[R] can I do this with R?

Thu May 29 01:30:03 CEST 2008

Andrew Robinson 写道:
> On Wed, May 28, 2008 at 03:47:49PM -0700, Xiaohui Chen wrote:
>   
>> Frank E Harrell Jr ??????:
>>     
>>> Xiaohui Chen wrote:
>>>       
>>>> step or stepAIC functions do the job. You can opt to use BIC by 
>>>> changing the mulplication of penalty.
>>>>
>>>> I think AIC and BIC are not only limited to compare two pre-defined 
>>>> models, they can be used as model search criteria. You could 
>>>> enumerate the information criteria for all possible models if the 
>>>> size of full model is relatively small. But this is not generally 
>>>> scaled to practical high-dimensional applications. Hence, it is often 
>>>> only possible to find a 'best' model of a local optimum, e.g. 
>>>> measured by AIC/BIC.
>>>>         
>>> Sure you can use them that way, and they may perform better than other 
>>> measures, but the resulting model will be highly biased (regression 
>>> coefficients biased away from zero).  AIC and BIC were not designed to 
>>> be used in this fashion originally.  Optimizing AIC or BIC will not 
>>> produce well-calibrated models as does penalizing a large model.
>>>
>>>       
>> Sure, I agree with this point.
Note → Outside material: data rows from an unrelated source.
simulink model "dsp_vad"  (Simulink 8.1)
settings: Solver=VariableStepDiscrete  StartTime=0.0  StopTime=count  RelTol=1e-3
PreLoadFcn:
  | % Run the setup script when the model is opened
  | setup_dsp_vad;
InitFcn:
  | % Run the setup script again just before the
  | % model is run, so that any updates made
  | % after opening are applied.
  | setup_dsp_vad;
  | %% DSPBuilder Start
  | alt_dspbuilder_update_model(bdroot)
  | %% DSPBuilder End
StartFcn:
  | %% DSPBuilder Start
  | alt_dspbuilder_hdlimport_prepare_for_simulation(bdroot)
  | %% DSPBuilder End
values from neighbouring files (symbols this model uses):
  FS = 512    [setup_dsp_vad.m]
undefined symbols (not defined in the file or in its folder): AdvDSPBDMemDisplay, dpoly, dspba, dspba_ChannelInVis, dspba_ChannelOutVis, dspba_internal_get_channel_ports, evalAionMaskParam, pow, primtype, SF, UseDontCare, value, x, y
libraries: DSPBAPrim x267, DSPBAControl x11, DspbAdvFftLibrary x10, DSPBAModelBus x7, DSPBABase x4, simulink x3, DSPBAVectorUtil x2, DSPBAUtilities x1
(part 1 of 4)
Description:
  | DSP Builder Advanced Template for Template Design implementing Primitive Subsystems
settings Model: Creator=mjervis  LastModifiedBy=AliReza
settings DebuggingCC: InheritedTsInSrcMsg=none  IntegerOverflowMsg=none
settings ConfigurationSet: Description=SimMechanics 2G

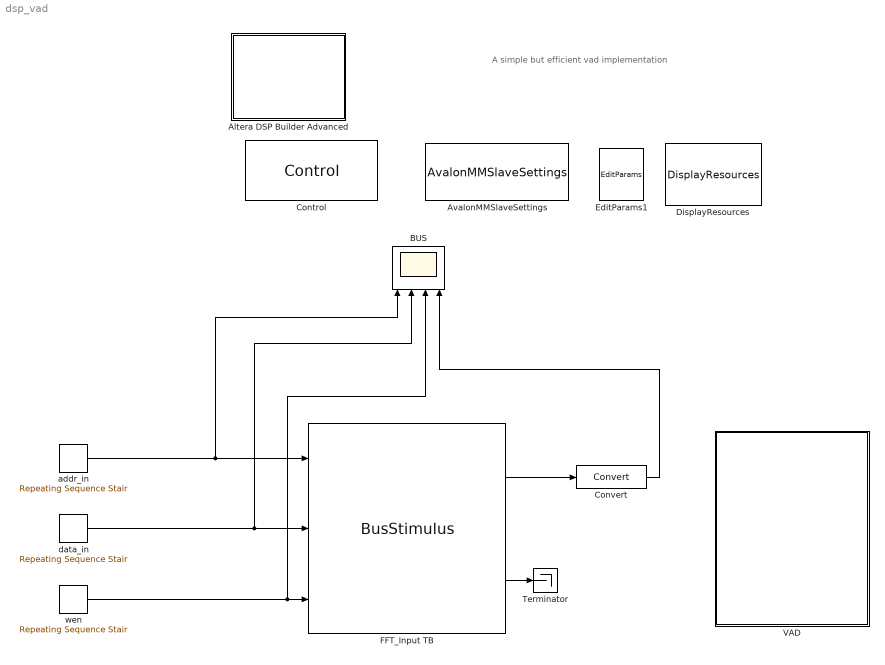
== system dsp_vad ==
  note: A simple but efficient vad implementation
  Altera DSP Builder Advanced : Subsystem  mask(DSP Builder Advanced Blockset Ignored Block){}
      settings: OpenFcn=web('http://www.altera.com', '-new');
      mask Display: image(imread('intellogo.tif'));
  AvalonMMSlaveSettings : DSPBABase/AvalonMMSlaveSettings
  BUS : Scope  NumInputPorts=4
      settings: ShowLegends=on  TimeRange=92.02958093676716  YMin=0~0~1~-1  YMax=1~1~1~1  MaxDataPoints=12290  SampleTime=auto
  "Control " : DSPBABase/Control  generate=on  language=VHDL  destination=./rtl  make_full_path=off  path_is_relative=on  autotestbench=on  signaldepth=2  coveragetestbench=off  logs=off  spacewidth=2  spacenum=1  addrwidth=10  datawidth=16  dataendian=Big Endian  hierarchicalnames=on  ramThresholdBits=-1  distRamThresholdBits=-1  mlabThresholdBits=-1  hardMultiplierThresholdLuts=-1  version=20090407  errorOnChanMismatch=1  errorOnGPIOMismatch=0  importModelsimResults=0  cycleAccurate=off  reinterpretCastMult=off  paramFile=dsp_vad_params.xml
  Convert : DSPBAPrim/Convert  primtype=convert  nInputs=1  nOutputs=1  omode=single  otype=sfix(16)  scale=2^-15  rndmethod=Biased  factor=1  satmethod=None  shift_vec=[0 1 2 -1]  value=round([0:255]/17)  inPortNames=[' '; ' ';]  outPortNames=[' '; 'c']  dspbaimage=dspba_prim.jpg  text=fprintf('convert');  style=Optimised  visibilities=8+64+256+2^17  clipdetect=off  floatPrecision=float32_m23  advOptions=[]  version=20130211
  DisplayResources : DSPBAUtilities/DisplayResources  mults=0  luts=0  memorybits=0
  EditParams1 : DSPBABase/EditParams  version=20090407
  FFT_Input TB : DSPBAModelBus/BusStimulus  SampleTime=-1  version=20140122  hasreaden=off
  Terminator : Terminator
  VAD : Subsystem
  addr_in : simulink/Sources/Repeating Sequence Stair  OutValues=dspb_vad.bus_addr_in  tsamp=1  OutMin=[]  OutMax=[]  OutDataTypeStr=fixdt(0,3)  OutputDataTypeScalingMode=Specify via dialog  OutDataType=fixdt(0,3)  ConRadixGroup=Best Precision: Vector-wise  OutScaling=[]
  data_in : simulink/Sources/Repeating Sequence Stair  OutValues=dspb_vad.bus_data_in  tsamp=1  OutMin=[]  OutMax=[]  OutDataTypeStr=single  OutputDataTypeScalingMode=single  OutDataType=fixdt(0,3)  ConRadixGroup=Best Precision: Vector-wise  OutScaling=[]
  wen : simulink/Sources/Repeating Sequence Stair  OutValues=dspb_vad.bus_wen  tsamp=1  OutMin=[]  OutMax=[]  OutDataTypeStr=fixdt('boolean')  OutputDataTypeScalingMode=Specify via dialog  OutDataType=fixdt('boolean')  ConRadixGroup=Best Precision: Vector-wise  OutScaling=[]
  wires:
  FFT_Input TB/2 -> Terminator/1
  addr_in/1 -> BUS/1, FFT_Input TB/1
  FFT_Input TB/1 -> Convert/1
  wen/1 -> BUS/3, FFT_Input TB/3
  Convert/1 -> BUS/4
  data_in/1 -> BUS/2, FFT_Input TB/2

== system dsp_vad/Altera DSP Builder Advanced ==

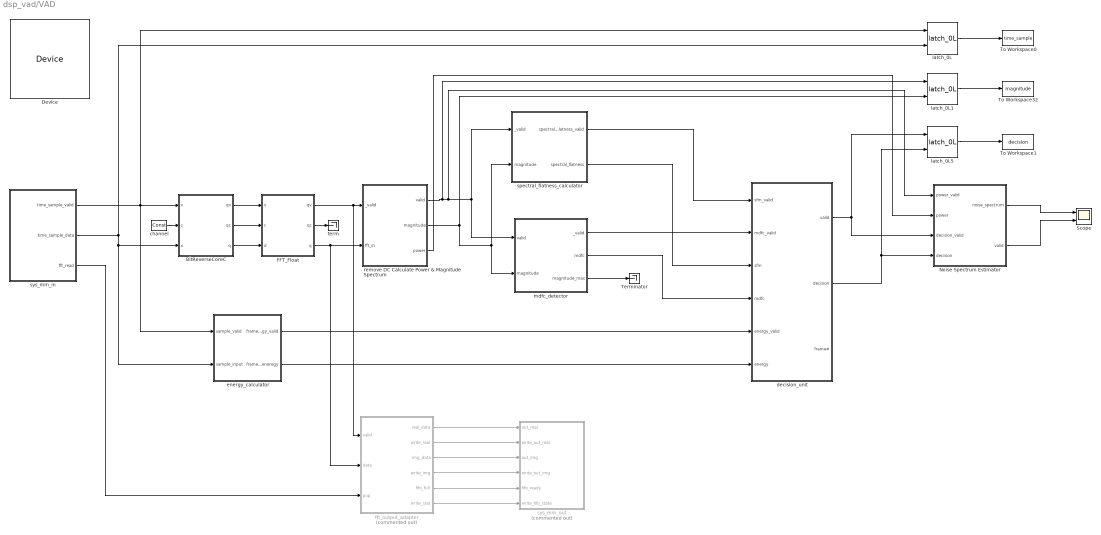
== system dsp_vad/VAD ==
  BitReverseCoreC : Subsystem  AncestorBlock=DspbAdvFftLibrary/Radix2/BitReverseCoreC  Opaque=on  mask(DSP Builder Advanced FFT Blockset){N=512, subchannels=1}
      mask prompts: N "FFT Size"; subchannels "Number of subchannels (must be a power of 2)"
      mask help: Performs bit reversal of incoming FFT frames.
      mask init:
      | block = gcb;
      | 
      | % Check that we have a legal size
      | M = ceil(log2(N));
      | if not(N == 2^M)
      |     error('%s: %d is not a power of 2', block, N);
      | end
      | 
      | % Check that we have a legal number os subchannels
      | subchannelbits = ceil(log2(subchannels));
      | if not(subchannels == 2^subchannelbits)
      |     error('%s: subchannels count %d is not a power of 2', block, N);
      | end
      | 
      | % The permutation reverses the order of the address bits
      | bitrevperm = [M-1:-1:0];
      | 
      | % Prefix permutaion with unchanging subchannel bits
      | bitrevperm = [0:subchannelbits-1,bitrevperm+subchannelbits];
      | 
      | if 1 < subchannels
      |     subchannelString = sprintf('%d subchannels',subchannels);
      | else
      |     subchannelString = '';
      | end
      mask Help: helpview(dspba.GetHelp('BitReverseCore'));
      mask Display:
      | color('w');
      | image('dspba_fft.jpg');
      | port_label('input',1,'v');
      | port_label('input',2,'c');
      | port_label('input',3,'x');
      | port_label('output',1,'qv');
      | port_label('output',2,'qc');
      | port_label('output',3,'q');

AIC is used to correct the bias from the 
>> estimations which minimize the KL distance of true model, provided the 
>> assumed model family contains the true model. BIC is designed for 
>> approximating the model marginal likelihood. Those are all 
>> post-selection estimating methods. For simutaneous variable selection 
>> and estimation, there are better penalizations like L1 penalty, which is 
>> much better than AIC/BIC in terms of consistency.
>>     
>
> Xiaohui, 
>
> Tibshirani (1996) suggests that the quality of the L1 penalty depends
> on the structure of the dataset.  As I recall, subset selection was
> preferred for finding a small number of large effects, lasso (L1) for
> finding a small to moderate number of moderate-sized effects, and
> ridge (L2) for many small effects.
>   
I agree with you. Higher correlation between covariates makes the LASSO 
harder to choose the correct model asymptotically, see Zhao and Yu 
(2006). Subset selection based on prediction error tends to inflate the 
estimated variance of coefficients in linear models. L2 doesn't do the 
variable selection job as well known. But (convex) mixing L1 and L2 
penalty is the elastic net proposed by Zou and Hastie (2006), which 
encourages the grouped effect. More recently, there are many other 
priors/penalties proposed if you go through the literature.

Zhao P. & Yu B. (2006) On Model Selection Consistency of Lasso. JMLR
Zou H. and Hastie T. (2006) Regularization and variable selection via 
the elastic net. JRSSB
> Can you provide any references to more up-to-date simulations that you
> would recommend?
>
> Cheers,
>
> Andrew
>